Flux-pinning mechanisms for improving cryogenic segmented mirror performance

Although large cryogenic space telescopes may provide a means of answering compelling astrophysics questions, the required increase in the primary mirror diameter presents technical challenges. Larger primaries are more flexible, and cryogenic mirrors are typically very lightly damped—the material damping is negligible, and common damping methods break down. To address these challenges, we propose placing flux-pinning mechanisms along the edges of adjacent mirror segments. These mechanisms consist of a collection of magnets and superconductors, and like flexures, they preferentially allow motion in specific degrees of freedom.

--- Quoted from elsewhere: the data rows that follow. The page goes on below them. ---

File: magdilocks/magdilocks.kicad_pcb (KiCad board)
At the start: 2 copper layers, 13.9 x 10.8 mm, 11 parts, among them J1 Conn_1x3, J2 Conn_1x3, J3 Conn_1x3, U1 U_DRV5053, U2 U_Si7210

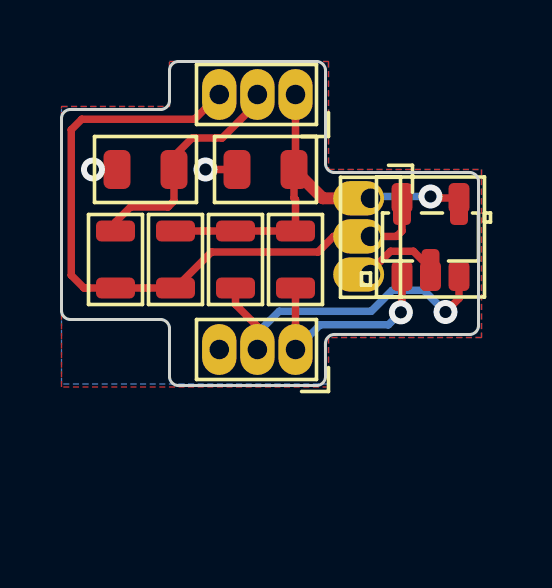
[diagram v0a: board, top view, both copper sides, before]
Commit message: v2.0 Release
Modified board shape to fit on Phob 1.2.2. Changed pin assignments for development headers.
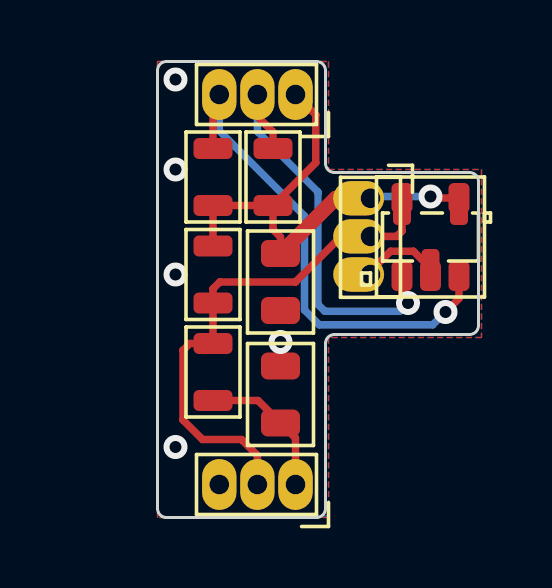
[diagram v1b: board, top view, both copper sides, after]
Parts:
- moved J2 13.0 mm to (97.5, 132.0)
- moved C1 8.75 mm to (97.0, 129.0), turned to 90 degrees
- moved J3 8.50 mm to (97.5, 119.0)
- moved R4 4.96 mm to (94.8, 128.2), turned to -90 degrees
- moved C2 3.78 mm to (97.0, 125.2), turned to -90 degrees
- moved R2 2.85 mm to (94.8, 121.8), turned to 90 degrees
- moved R3 2.85 mm to (96.8, 121.8), turned to 90 degrees
- moved R1 1.35 mm to (94.8, 125.0)
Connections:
- J2 pad 1: +3V3 -> /OUT_FLT
- J2 pad 2: /OUT_FLT -> /OUT_RAW
- J2 pad 3: /OUT_RAW -> GND
- J3 pad 1: /SDA -> +3V3
- J3 pad 2: /SCL -> /SDA
- J3 pad 3: GND -> /SCL
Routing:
- net /SDA: track 7.30 -> 14.0 mm
- net /OUT_RAW: track 23.1 -> 17.1 mm
- net /SCL: track 11.4 -> 16.7 mm
- net /OUT_FLT: track 7.83 -> 4.82 mm
- net GND: track 4.98 -> 3.12 mm, vias 2 -> 5
- net +3V3: track 15.0 -> 16.7 mm
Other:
- board size 13.9 x 10.8 mm -> 10.7 x 15.2 mm

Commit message: V2.0 production release
Fixed board shape to fit main board and c-stick PBCs. Created gerber/drill files, BOM export, 3D model, and render examples on Phob 1.2.2.
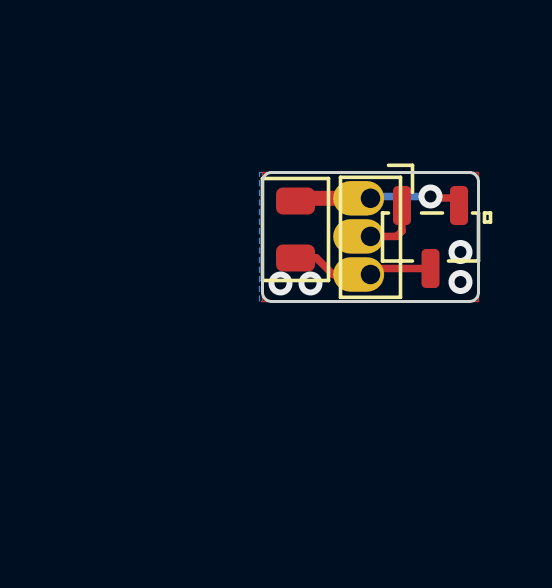
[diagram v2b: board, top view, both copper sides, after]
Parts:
- removed C1: C, master-vampire:C_0805
- removed J2, J3: Conn_1x3, master-vampire:CONN_HEADER_MALE_1X3PIN_P1.27MM_TH
- removed R1, R2, R3, R4: R, master-vampire:R_0805
- removed U2: U_Si7210, master-vampire:SOT-23-5
- moved C2 1.82 mm to (97.5, 123.5)
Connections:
- net /OUT_RAW renamed Net-(J1-Pad2)
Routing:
- net /SCL: track 16.7 -> 0.00 mm, vias 1 -> 0
- net Net-(J1-Pad2): track 17.1 -> 2.95 mm
- net /SDA: track 14.0 -> 0.00 mm, vias 1 -> 0
- net +3V3: track 16.7 -> 6.14 mm
- net /OUT_FLT: track 4.82 -> 0.00 mm
- net GND: track 3.12 -> 5.12 mm, vias 5 -> 4
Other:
- board size 10.7 x 15.2 mm -> 7.2 x 4.3 mm
- board text removed: "3V3"
- board text removed: "FLT"
- board text removed: "GND"
- board text removed: "RAW"
- board text removed: "SCL"
- board text removed: "SDA"
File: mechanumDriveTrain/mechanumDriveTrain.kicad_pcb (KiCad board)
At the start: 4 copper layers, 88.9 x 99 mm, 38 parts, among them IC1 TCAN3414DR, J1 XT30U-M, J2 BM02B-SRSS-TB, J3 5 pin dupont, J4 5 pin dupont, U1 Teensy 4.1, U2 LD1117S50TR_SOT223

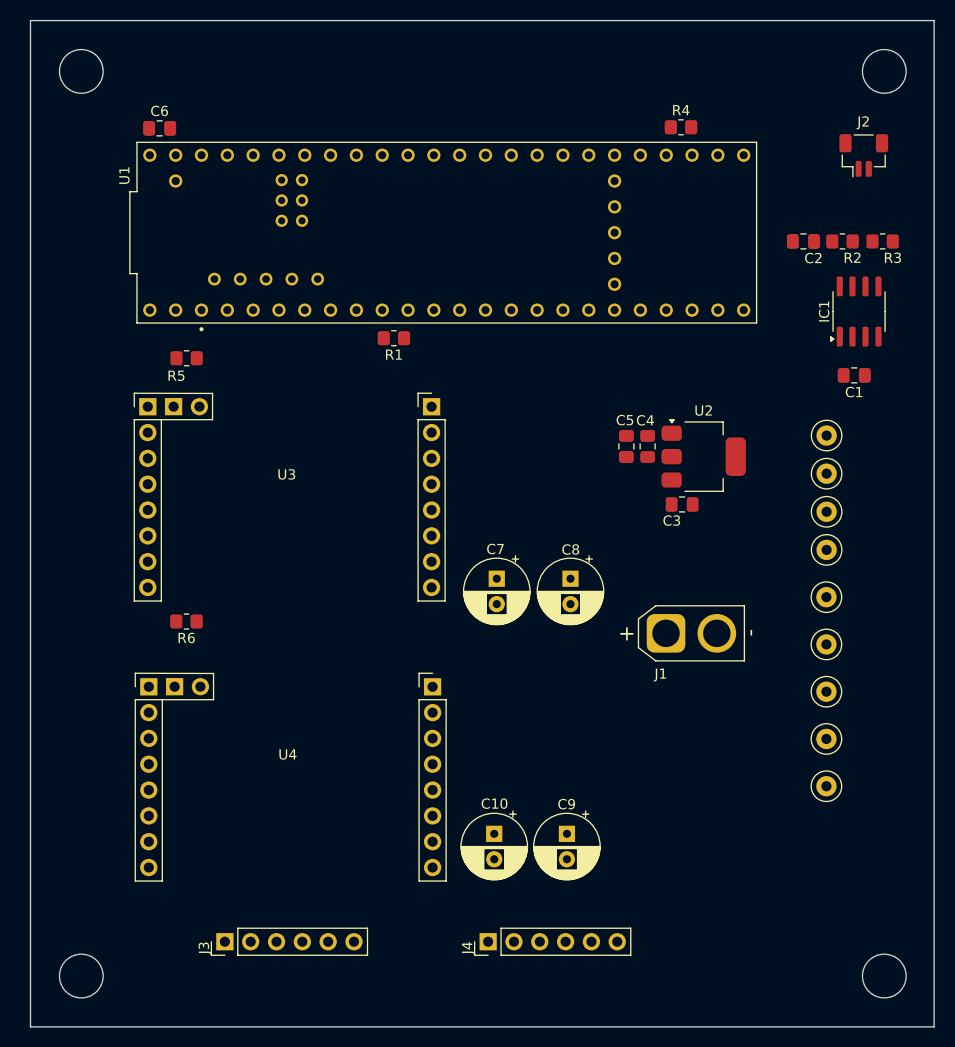
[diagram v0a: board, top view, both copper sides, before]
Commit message: Updated board size and layout
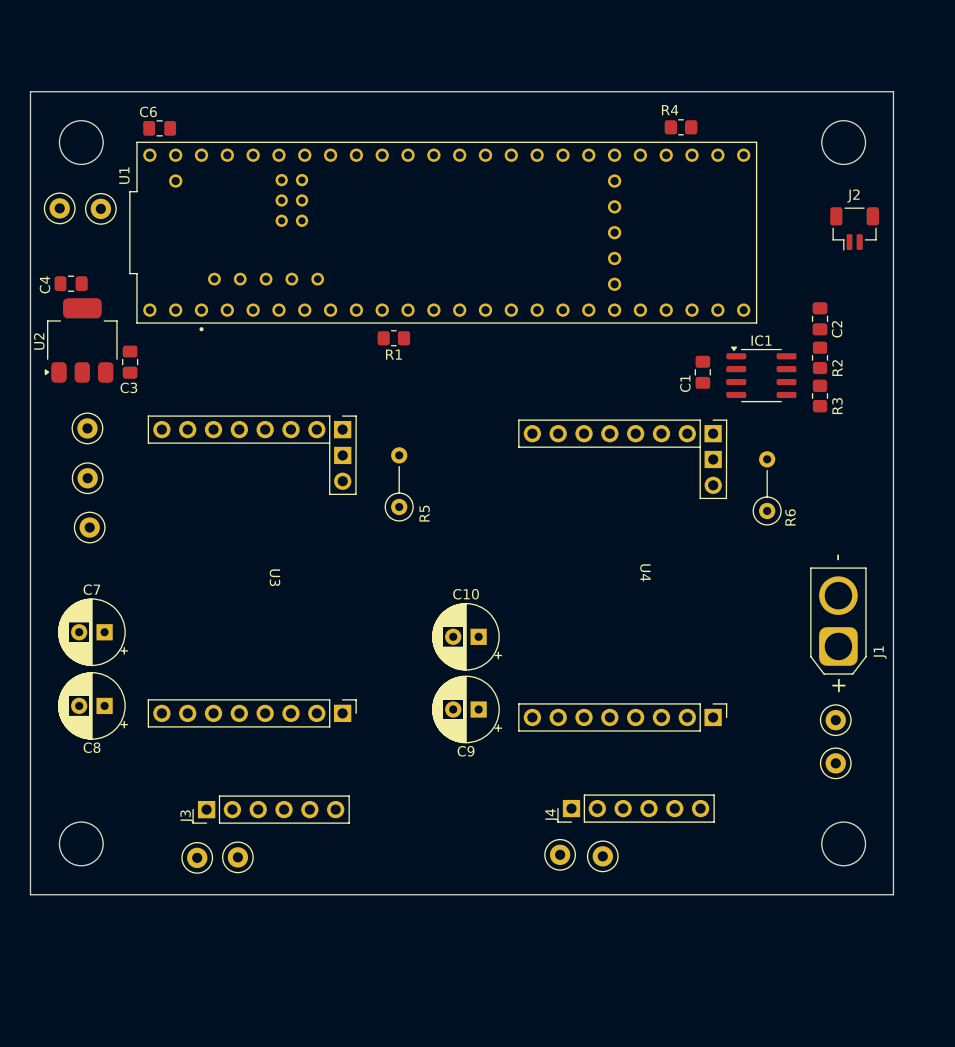
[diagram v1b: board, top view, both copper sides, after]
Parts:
- removed C5: 10 uF, Capacitor_SMD:C_0805_2012Metric_Pad1.18x1.45mm_HandSolder
- added TP10: ~, TestPoint:TestPoint_Loop_D1.80mm_Drill1.0mm_Beaded, F.Cu at (22.9, 38.5)
- added TP11: ~, TestPoint:TestPoint_Loop_D1.80mm_Drill1.0mm_Beaded, F.Cu at (25.8, 69.9)
- R5, R6: footprint Resistor_SMD:R_0805_2012Metric_Pad1.20x1.40mm_HandSolder -> Resistor_THT:R_Axial_DIN0207_L6.3mm_D2.5mm_P5.08mm_Vertical
- moved TP2 76.0 mm to (26.9, 38.5), turned to -90 degrees
- moved TP5 74.6 mm to (25.6, 60.1)
- moved TP3 72.8 mm to (25.6, 65.0)
- moved TP6 65.4 mm to (36.4, 102.4)
- moved U2 62.2 mm to (25.1, 51.5), turned to 90 degrees
- moved TP7 60.2 mm to (40.4, 102.3)
- moved C4 58.9 mm to (24.0, 45.9), turned to 180 degrees
- moved R6 58.2 mm to (92.5, 68.2), turned to 90 degrees
- moved C3 56.1 mm to (29.8, 53.6), turned to 90 degrees
- moved U4 48.9 mm to (94.0, 74.3), turned to -90 degrees
- moved C8 47.5 mm to (27.3, 87.4), turned to 180 degrees
- moved C7 38.9 mm to (27.3, 80.2), turned to 180 degrees
- moved TP8 28.6 mm to (72.1, 102.1)
- moved TP1 28.0 mm to (99.2, 88.8)
- moved U3 25.8 mm to (57.5, 73.9), turned to -90 degrees
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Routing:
- added copper zone on In1.Cu, net GND
- added copper zone on In2.Cu, net GND
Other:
- board size 88.9 x 99 mm -> 84.9 x 79 mm

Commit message: started routing
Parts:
- moved TP11 3.35 mm to (22.5, 69.5)
- moved TP3 3.15 mm to (22.5, 64.6)
- moved TP5 3.13 mm to (22.5, 59.7)
- moved C9 2.62 mm to (63.3, 85.3), turned to -90 degrees
- moved C8 2.15 mm to (27.3, 85.3), turned to -90 degrees
- moved C10 0.80 mm to (63.3, 80.6), turned to 90 degrees
- moved R5 0.70 mm to (55.6, 67.9)
- moved R6 0.60 mm to (91.9, 68.2)
- moved C7 0.45 mm to (27.3, 80.6), turned to 90 degrees
- moved R2 0.36 mm to (98.0, 53.0)
- moved R3 0.36 mm to (98.0, 56.7)
- moved C2 0.36 mm to (98.0, 49.1)
- moved TP10 0.30 mm to (23.2, 38.5)
- moved C1 0.22 mm to (86.3, 54.5)
- moved J2 0.20 mm to (101.3, 40.5)
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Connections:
- U1 pad 14: CS1 -> CS2
- U1 pad 15: CS2 -> CS1
- U4 pad 8: VCC -> unconnected-(U4-VM-Pad8)
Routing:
- net +3V3: track 0.00 -> 267.0 mm, vias 0 -> 2
- net EN_OUTB2: track 0.00 -> 71.1 mm
- net EN_OUTA2: track 0.00 -> 70.0 mm
- net FLT2: track 0.00 -> 34.7 mm
- net CS2: track 0.00 -> 34.5 mm
- net SLP2: track 0.00 -> 31.4 mm
- net +5V: track 0.00 -> 28.7 mm
- net CANN: track 0.00 -> 20.8 mm
- net CANP: track 0.00 -> 20.1 mm
- net VCC: track 0.00 -> 18.2 mm
- net C_RX: track 0.00 -> 14.1 mm
- net PWM2: track 0.00 -> 13.0 mm
- net DIR2: track 0.00 -> 13.0 mm
- net Net-(U3-VREF): track 0.00 -> 6.73 mm
- net Net-(U4-VREF): track 0.00 -> 6.54 mm
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- added copper zone on F.Cu, net +12V
- added copper zone on B.Cu, net GND
- added copper zone on F.Cu, net GND
- added copper zone on F.Cu, net OUTA2
- added copper zone on F.Cu, net OUTB2
- removed copper zone on In1.Cu, net GND
- removed copper zone on In2.Cu, net GND
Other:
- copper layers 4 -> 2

Motion in nonpreferred degrees of freedom is resisted by a force analogous to a damped spring force, and the stiffness and damping can be adjusted independently. As an example, we consider simple mechanisms consisting of an inexpensive magnet and a single superconductor. These mechanisms provide increasing resistance as the magnet and superconductor—or mirror segments attached to each—come closer to colliding. These mechanisms, with typical stiffness and damping values on the order of 5000  N/m and 5  kg/s, respectively, also provide modest improvements to the mirror performance. Greater gains can be achieved by using stronger magnets or smaller separations, or by placing nonmagnetic conductive materials near the mechanism.